* [Directions for this task]
Lines to restate from the data below: from the one containing "line L0 (0, 5) -> (520, 5) projected" to the one containing "line L7 (209.25, 0)", both included. Give them again exactly, and only them.

* [The input]
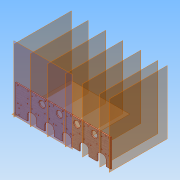
# Autodesk Inventor part: Pancake_Top Board
Saved by Autodesk Inventor 2018.1 (Build 221171000, 171)
## iProperties
Created: 2019-02-21
Part Number: Pancake_Top Board
Material: Wood (Oak)
Document SubType Name: Modeling
Designer: James
Density: 0.76 g/cm^3
Appearance: White Oak - Natural Medium Gloss
Author: James
Autodesk Inventor part; units mm, degrees
ref_plane "YZ Plane" through (0, 0, 0) normal (1, 0, 0) x (0, 1, 0)
ref_plane "XZ Plane" through (0, 0, 0) normal (0, 1, 0) x (-1, 0, 0)
ref_plane "XY Plane" through (0, 0, 0) normal (0, 0, 1) x (1, 0, 0)
derived "Pancake_Skeleton.ipt"
ref_plane "Ground" through (0, 0, 0) normal (0, 1, 0) x (-1, 0, 0)
ref_plane "Back" through (0, 0, 0) normal (0, 0, 1) x (1, 0, 0)
ref_plane "LHS" through (0, 0, 0) normal (1, 0, 0) x (0, 1, 0)
ref_plane "Lane 1" through (90, 0, 0) normal (1, 0, 0) x (0, 1, 0)
ref_plane "Lane 2" through (185, 0, 0) normal (1, 0, 0) x (0, 1, 0)
ref_plane "Lane 3" through (280, 0, 0) normal (1, 0, 0) x (0, 1, 0)
ref_plane "Lane 4" through (375, 0, 0) normal (1, 0, 0) x (0, 1, 0)
ref_plane "Lane 5" through (470, 0, 0) normal (1, 0, 0) x (0, 1, 0)
ref_plane "RHS" through (520, 0, 0) normal (1, 0, 0) x (0, 1, 0)
sketch "Sketch1" plane through (0, 0, 0) normal (0, 1, 0) x (-1, 0, 0)
  line L0 (-624, 0) -> (104, 0) projected
  line L1 (0, -30) -> (0, 180) projected
  line L2 (0, 0) -> (-520, 0)
  line L3 (-520, 0) -> (-520, 150)
  line L4 (-520, 150) -> (0, 150)
  line L5 (0, 150) -> (0, 0)
  line L6 (-520, -30) -> (-520, 180) projected
  dimension "d1" = 150
  constraints: 8 end point, 2 parallel, 1 collinear, 1 horizontal, 1 perpendicular
  measures "d1" distance of L2.end L3.end
extrude "Extrusion1" add sketch "Sketch1" along normal blind 5
sketch "Sketch2" plane through (0, 5, 0) normal (0, 1, 0) x (1, 0, 0)
  line L0 (0, -150) -> (520, -150) projected
  line L1 (90, 30) -> (90, -180) projected
  line L2 (185, 30) -> (185, -180) projected
  point P0 (0, 0)
  point P1 (145, -120)
  dimension "d4" = 30
  dimension "d90" = 40
  measures "d4" distance from line of point (145, -120) L0
  measures "d90" distance from line of point (145, -120) L2
hole "Hole1" at (145, 5, 120) direction (0, -1, 0) diameter 35 end through all
pattern_linear "Rectangular Pattern1" count 4 spacing 95 along (1, 0, 0) of "Hole1"
sketch "Sketch3" plane through (0, 5, 0) normal (0, 1, 0) x (1, 0, 0)
  line L0 (0, 0) -> (0, -150) projected
  line L1 (624, 0) -> (-104, 0) projected
  line L2 (0, -150) -> (520, -150) projected
  point P0 (12.5, -57.5)
  point P1 (12.5, -142.5)
  dimension "d16" = 12.5
  dimension "d18" = 85
  dimension "d66" = 7.5
  constraints: 1 vertical alignment
  measures "d16" distance from line of L0 point (12.5, -57.5)
  measures "d18" distance of point (12.5, -142.5) point (12.5, -57.5)
  measures "d66" distance from line of L2 point (12.5, -142.5)
hole "Hole2" at (12.5, 5, 57.5) at (12.5, 5, 142.5) direction (0, -1, 0) diameter 4.5 end through all countersink diameter 9.4 countersink angle 90 clearance for "Flat Head Machine Screw" size "M4" standard "Ansi Metric M Profile"
ref_plane "Mid plane" through (260, 0, 0) normal (-1, 0, 0) x (0, 0, 1)
mirror "Mirror1" about plane through (260, 0, 0) normal (-1, 0, 0) of "Hole2"
sketch "Sketch4" plane through (0, 5, 0) normal (0, 1, 0) x (1, 0, 0)
  line L0 (624, 0) -> (-104, 0) projected
  line L1 (0, -150) -> (520, -150) projected
  line L2 (90, 30) -> (90, -180) projected
  point P0 (0, 0)
  point P1 (112, -57.5)
  point P2 (112, -142.5)
  dimension "d28" = 7.5
  dimension "d29" = 22
  dimension "d68" = 85
  constraints: 1 vertical alignment
  measures "d28" distance from line of L1 point (112, -142.5)
  measures "d29" distance from line of L2 point (112, -57.5)
  measures "d68" distance of point (112, -142.5) point (112, -57.5)
hole "Hole3" at (112, 5, 57.5) at (112, 5, 142.5) direction (0, -1, 0) diameter 4.5 end through all clearance for "Socket Head Cap Screw" size "M4" standard "Ansi Metric M Profile"
pattern_linear "Rectangular Pattern2" count 5 spacing 95 along (1, 0, 0) of "Hole3"
sketch "Sketch5" plane through (0, 5, 0) normal (0, 1, 0) x (1, 0, 0)
  line L0 (624, 0) -> (-104, 0) projected
  line L1 (90, 30) -> (90, -180) projected
  line L2 (0, -150) -> (520, -150) projected
  point P0 (0, 0)
  point P1 (30, -57.5)
  point P2 (65, -82.5)
  dimension "d41" = 57.5
  dimension "d42" = 60
  dimension "d78" = 25
  dimension "d79" = 35
  measures "d41" distance from line of L0 point (30, -57.5)
  measures "d42" distance from line of L1 point (30, -57.5)
  measures "d78" vertical distance of point (65, -82.5) point (30, -57.5)
  measures "d79" horizontal distance of point (65, -82.5) point (30, -57.5)
hole "Hole4" at (30, 5, 57.5) at (65, 5, 82.5) direction (0, -1, 0) diameter 4.5 end through all clearance for "Socket Head Cap Screw" size "M4" standard "Ansi Metric M Profile"
pattern_linear "Rectangular Pattern3" count 5 spacing 95 along (1, 0, 0) of "Hole4"
sketch "Sketch6" plane through (0, 5, 0) normal (0, 1, 0) x (1, 0, 0)
  line L0 (624, 0) -> (-104, 0) projected
  line L1 (90, 30) -> (90, -180) projected
  line L2 (0, -150) -> (520, -150) projected
  point P0 (0, 0)
  point P1 (90, -70)
  point P2 (90, -130)
  dimension "d53" = 60
  dimension "d67" = 20
  constraints: 1 point on line, 1 vertical alignment
  measures "d53" distance of point (90, -130) point (90, -70)
  measures "d67" distance from line of L2 point (90, -130)
hole "Hole5" at (90, 5, 70) at (90, 5, 130) direction (0, -1, 0) diameter 4.5 end through all countersink diameter 9.4 countersink angle 90 clearance for "Flat Head Machine Screw" size "M4" standard "Ansi Metric M Profile"
pattern_linear "Rectangular Pattern4" count 5 spacing 95 along (1, 0, 0) of "Hole5"
sketch "Sketch7" plane through (0, 5, 0) normal (0, 1, 0) x (1, 0, 0)
  line L0 (65, -50) -> (115, -50)
  line L1 (115, -50) -> (115, 0)
  line L2 (115, 0) -> (65, 0)
  line L3 (65, 0) -> (65, -50)
  line L4 (520, 0) -> (0, 0) projected
  line L5 (90, 30) -> (90, -180) projected
  dimension "d69" = 25
  dimension "d70" = 50
  dimension "d71" = 50
  constraints: 8 end point, 2 parallel, 1 collinear, 1 horizontal, 1 perpendicular
  measures "d69" distance between parallel lines of L5 L1
  measures "d70" distance of L0.start L0.end
  measures "d71" distance of L0.end L1.end
extrude "Extrusion2" cut sketch "Sketch7" against normal through all
fillet "Fillet1" radius 20 2 edges at (65, 2.5, 50) (115, 2.5, 50)
pattern_linear "Rectangular Pattern5" count 5 spacing 95 along (1, 0, 0) of "Extrusion2", "Fillet1"
sketch "Sketch8" plane through (0, 5, 0) normal (0, 1, 0) x (1, 0, 0)
  circle A0 centre (30, -57.5) radius 2.25 projected
  line L0 (624, 0) -> (-104, 0) projected
  point P0 (0, 0)
  point P1 (20, -37.5)
  point P2 (20, -7.5)
  dimension "d80" = 30
  dimension "d81" = 10
  dimension "d82" = 7.5
  constraints: 1 vertical alignment
  measures "d80" distance of point (20, -37.5) point (20, -7.5)
  measures "d81" horizontal distance of A0.centre point (20, -37.5)
  measures "d82" distance from line of L0 point (20, -7.5)
hole "Hole6" at (20, 5, 37.5) at (20, 5, 7.5) direction (0, -1, 0) diameter 4.5 end through all clearance for "Flat Head Machine Screw" size "M4" standard "Ansi Metric M Profile"
sketch "Sketch9" plane through (0, 5, 0) normal (0, 1, 0) x (1, 0, 0)
  line L0 (90, 30) -> (90, -180) projected
  line L1 (0, -150) -> (520, -150) projected
  point P0 (0, 0)
  point P1 (68, -107.5)
  point P2 (68, -142.5)
  dimension "d95" = 22
  dimension "d96" = 7.5
  dimension "d97" = 35
  constraints: 1 vertical alignment
  measures "d95" distance from line of L0 point (68, -142.5)
  measures "d96" distance from line of L1 point (68, -142.5)
  measures "d97" distance of point (68, -107.5) point (68, -142.5)
hole "Hole7" at (68, 5, 107.5) at (68, 5, 142.5) direction (0, -1, 0) diameter 4.5 end through all clearance for "Flat Head Machine Screw" size "M4" standard "Ansi Metric M Profile"
sketch "Sketch11" plane through (0, 0, 0) normal (0, -1, 0) x (1, 0, 0)
  line L0 (520, 150) -> (0, 150) projected
  line L1 (185, 180) -> (185, -30) projected
  point P0 (0, 0)
  point P1 (162, 142.5)
  dimension "d105" = 7.5
  dimension "d106" = 23
  measures "d105" distance from line of point (162, 142.5) L0
  measures "d106" distance from line of L1 point (162, 142.5)
hole "Hole8" at (162, 0, 142.5) direction (0, 1, 0) diameter 3.4 end through all countersink diameter 6.3 countersink angle 90 clearance for "Flat Head Machine Screw" size "M3" standard "Ansi Metric M Profile"
pattern_linear "Rectangular Pattern6" count 4 spacing 95 along (1, 0, 0) of "Hole8"
sketch "Sketch12" plane through (0, 0, 150) normal (0, 0, 1) x (1, 0, 0)
  line L0 (0, 5) -> (520, 5) projected
  line L1 (520, 0) -> (0, 0) projected
  line L2 (160.3, 5) -> (163.7, 5) projected
  line L3 (160.3, 5) -> (163.7, 5) projected
  line L4 (160.3, 1.45) -> (163.7, 1.45) projected
  line L5 (209.25, 0) -> (204.75, 0) projected
  line L6 (204.75, 5) -> (209.25, 5) projected
  line L7 (209.25, 0) -> (209.25, 5) projected
  line L8 (185, 6) -> (185, -1) projected
  point P0 (167, 2.5)
  point P1 (213, 2.5)
  dimension "d117" = 2.5
  dimension "d118" = 2.5
  dimension "d130" = 18
  dimension "d131" = 28
  constraints: 1 horizontal alignment
  measures "d117" distance from line of point (167, 2.5) L0
  measures "d118" distance from line of L1 point (167, 2.5)
  measures "d130" distance from line of L8 point (167, 2.5)
  measures "d131" distance from line of L8 point (213, 2.5)
hole "Hole9" at (167, 2.5, 150) at (213, 2.5, 150) direction (0, 0, -1) diameter 1.755 depth 6.353 tip angle 118 thread size "2-64 UNF" class "2B" standard "ANSI Unified Screw Threads"
pattern_linear "Rectangular Pattern7" count 3 spacing 95 along (1, 0, 0) of "Hole9"
equation "\"d69\" = 0.5 * d70"
equation "\"d117\" = d118"
body "Solid1"

* [Task result]
  line L0 (0, 5) -> (520, 5) projected
  line L1 (520, 0) -> (0, 0) projected
  line L2 (160.3, 5) -> (163.7, 5) projected
  line L3 (160.3, 5) -> (163.7, 5) projected
  line L4 (160.3, 1.45) -> (163.7, 1.45) projected
  line L5 (209.25, 0) -> (204.75, 0) projected
  line L6 (204.75, 5) -> (209.25, 5) projected
  line L7 (209.25, 0) -> (209.25, 5) projected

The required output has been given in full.